TASK INSTRUCTIONS: Would you please transcribe, exactly as written, the lines of the entries below starting at the one that holds "Band-Limited White Noise/1 -> Sum1/1" and ending at the one that holds "Sum1/1 -> Mux/1, level/1", both included?

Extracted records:

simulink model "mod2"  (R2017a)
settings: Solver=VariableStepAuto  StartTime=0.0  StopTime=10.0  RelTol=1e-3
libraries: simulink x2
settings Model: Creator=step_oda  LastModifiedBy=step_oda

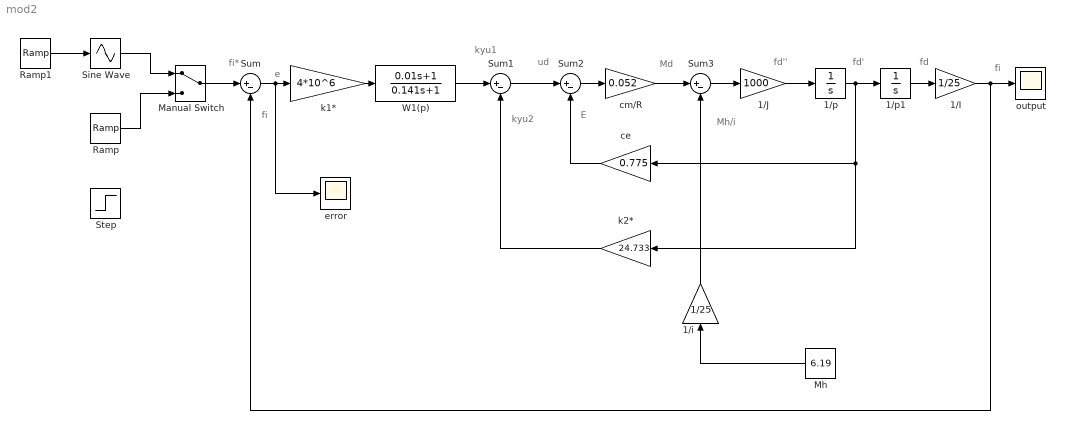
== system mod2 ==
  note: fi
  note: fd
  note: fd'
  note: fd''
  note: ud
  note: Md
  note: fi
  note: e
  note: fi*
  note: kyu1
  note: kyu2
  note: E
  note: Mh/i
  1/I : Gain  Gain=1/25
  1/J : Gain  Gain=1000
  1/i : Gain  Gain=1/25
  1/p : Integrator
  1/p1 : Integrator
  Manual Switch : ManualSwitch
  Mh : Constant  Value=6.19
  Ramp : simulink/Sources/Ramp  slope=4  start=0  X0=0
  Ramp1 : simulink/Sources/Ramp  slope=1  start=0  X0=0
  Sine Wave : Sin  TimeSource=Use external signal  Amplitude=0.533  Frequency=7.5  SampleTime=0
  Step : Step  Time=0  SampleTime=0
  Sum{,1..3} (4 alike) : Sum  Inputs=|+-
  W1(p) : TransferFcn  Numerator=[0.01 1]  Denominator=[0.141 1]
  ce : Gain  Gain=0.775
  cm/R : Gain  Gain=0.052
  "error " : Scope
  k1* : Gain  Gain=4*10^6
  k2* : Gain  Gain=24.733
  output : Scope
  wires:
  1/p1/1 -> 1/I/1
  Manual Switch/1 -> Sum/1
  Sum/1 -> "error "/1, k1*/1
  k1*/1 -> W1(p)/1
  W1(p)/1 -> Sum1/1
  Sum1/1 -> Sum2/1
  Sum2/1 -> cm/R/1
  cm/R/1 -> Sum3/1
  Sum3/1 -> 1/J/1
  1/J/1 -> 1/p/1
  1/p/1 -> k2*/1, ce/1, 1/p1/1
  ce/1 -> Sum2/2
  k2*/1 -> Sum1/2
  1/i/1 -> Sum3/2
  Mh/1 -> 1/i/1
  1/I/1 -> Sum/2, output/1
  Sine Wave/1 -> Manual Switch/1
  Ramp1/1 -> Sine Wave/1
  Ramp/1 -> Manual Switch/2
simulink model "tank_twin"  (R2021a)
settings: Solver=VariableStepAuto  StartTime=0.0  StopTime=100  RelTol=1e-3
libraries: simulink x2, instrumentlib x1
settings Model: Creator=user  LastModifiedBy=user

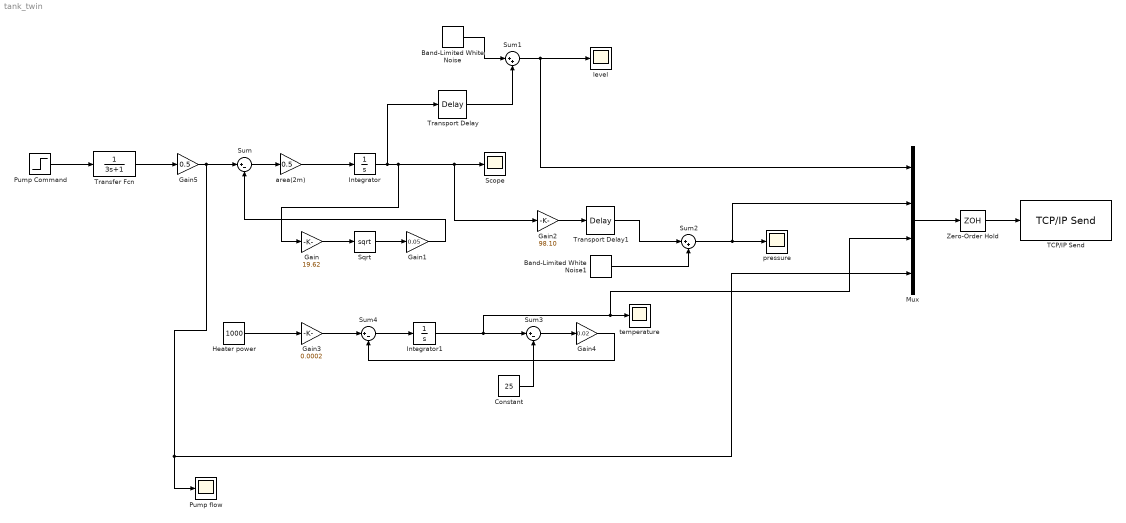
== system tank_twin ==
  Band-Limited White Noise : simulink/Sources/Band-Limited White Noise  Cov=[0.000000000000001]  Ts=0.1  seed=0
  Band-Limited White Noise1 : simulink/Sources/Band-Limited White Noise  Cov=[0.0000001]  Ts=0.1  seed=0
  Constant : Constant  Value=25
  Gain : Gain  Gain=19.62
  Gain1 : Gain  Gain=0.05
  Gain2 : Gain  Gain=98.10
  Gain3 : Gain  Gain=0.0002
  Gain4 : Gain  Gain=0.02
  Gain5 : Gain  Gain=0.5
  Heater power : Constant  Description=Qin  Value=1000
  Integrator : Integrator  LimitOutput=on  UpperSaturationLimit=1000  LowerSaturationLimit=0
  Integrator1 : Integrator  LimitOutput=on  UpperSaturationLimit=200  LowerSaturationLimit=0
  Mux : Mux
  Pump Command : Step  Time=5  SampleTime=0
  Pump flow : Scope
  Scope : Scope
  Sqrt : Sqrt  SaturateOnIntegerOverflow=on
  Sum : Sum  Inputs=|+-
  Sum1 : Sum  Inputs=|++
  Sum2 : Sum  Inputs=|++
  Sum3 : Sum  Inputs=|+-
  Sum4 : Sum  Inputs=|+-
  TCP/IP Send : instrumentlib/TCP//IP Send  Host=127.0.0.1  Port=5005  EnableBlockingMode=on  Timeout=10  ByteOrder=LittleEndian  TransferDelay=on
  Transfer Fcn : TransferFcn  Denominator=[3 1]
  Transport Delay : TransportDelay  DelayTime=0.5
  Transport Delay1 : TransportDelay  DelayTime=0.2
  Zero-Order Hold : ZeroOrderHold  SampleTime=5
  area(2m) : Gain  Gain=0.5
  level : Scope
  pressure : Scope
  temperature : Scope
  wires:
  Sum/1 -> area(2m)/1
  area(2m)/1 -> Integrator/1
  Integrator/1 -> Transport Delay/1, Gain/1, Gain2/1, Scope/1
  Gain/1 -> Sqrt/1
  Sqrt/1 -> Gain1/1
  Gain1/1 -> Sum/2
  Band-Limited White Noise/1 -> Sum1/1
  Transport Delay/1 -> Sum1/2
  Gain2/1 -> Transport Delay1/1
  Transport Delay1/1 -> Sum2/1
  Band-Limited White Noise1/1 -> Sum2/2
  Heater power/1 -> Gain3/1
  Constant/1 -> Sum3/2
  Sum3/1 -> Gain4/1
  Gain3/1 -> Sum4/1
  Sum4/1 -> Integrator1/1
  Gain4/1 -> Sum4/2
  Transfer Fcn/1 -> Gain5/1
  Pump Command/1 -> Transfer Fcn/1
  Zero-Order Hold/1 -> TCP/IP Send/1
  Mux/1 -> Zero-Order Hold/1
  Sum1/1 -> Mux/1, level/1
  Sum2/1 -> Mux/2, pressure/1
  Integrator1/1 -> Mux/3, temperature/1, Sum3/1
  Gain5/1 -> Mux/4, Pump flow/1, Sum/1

TASK RESULT:
  Band-Limited White Noise/1 -> Sum1/1
  Transport Delay/1 -> Sum1/2
  Gain2/1 -> Transport Delay1/1
  Transport Delay1/1 -> Sum2/1
  Band-Limited White Noise1/1 -> Sum2/2
  Heater power/1 -> Gain3/1
  Constant/1 -> Sum3/2
  Sum3/1 -> Gain4/1
  Gain3/1 -> Sum4/1
  Sum4/1 -> Integrator1/1
  Gain4/1 -> Sum4/2
  Transfer Fcn/1 -> Gain5/1
  Pump Command/1 -> Transfer Fcn/1
  Zero-Order Hold/1 -> TCP/IP Send/1
  Mux/1 -> Zero-Order Hold/1
  Sum1/1 -> Mux/1, level/1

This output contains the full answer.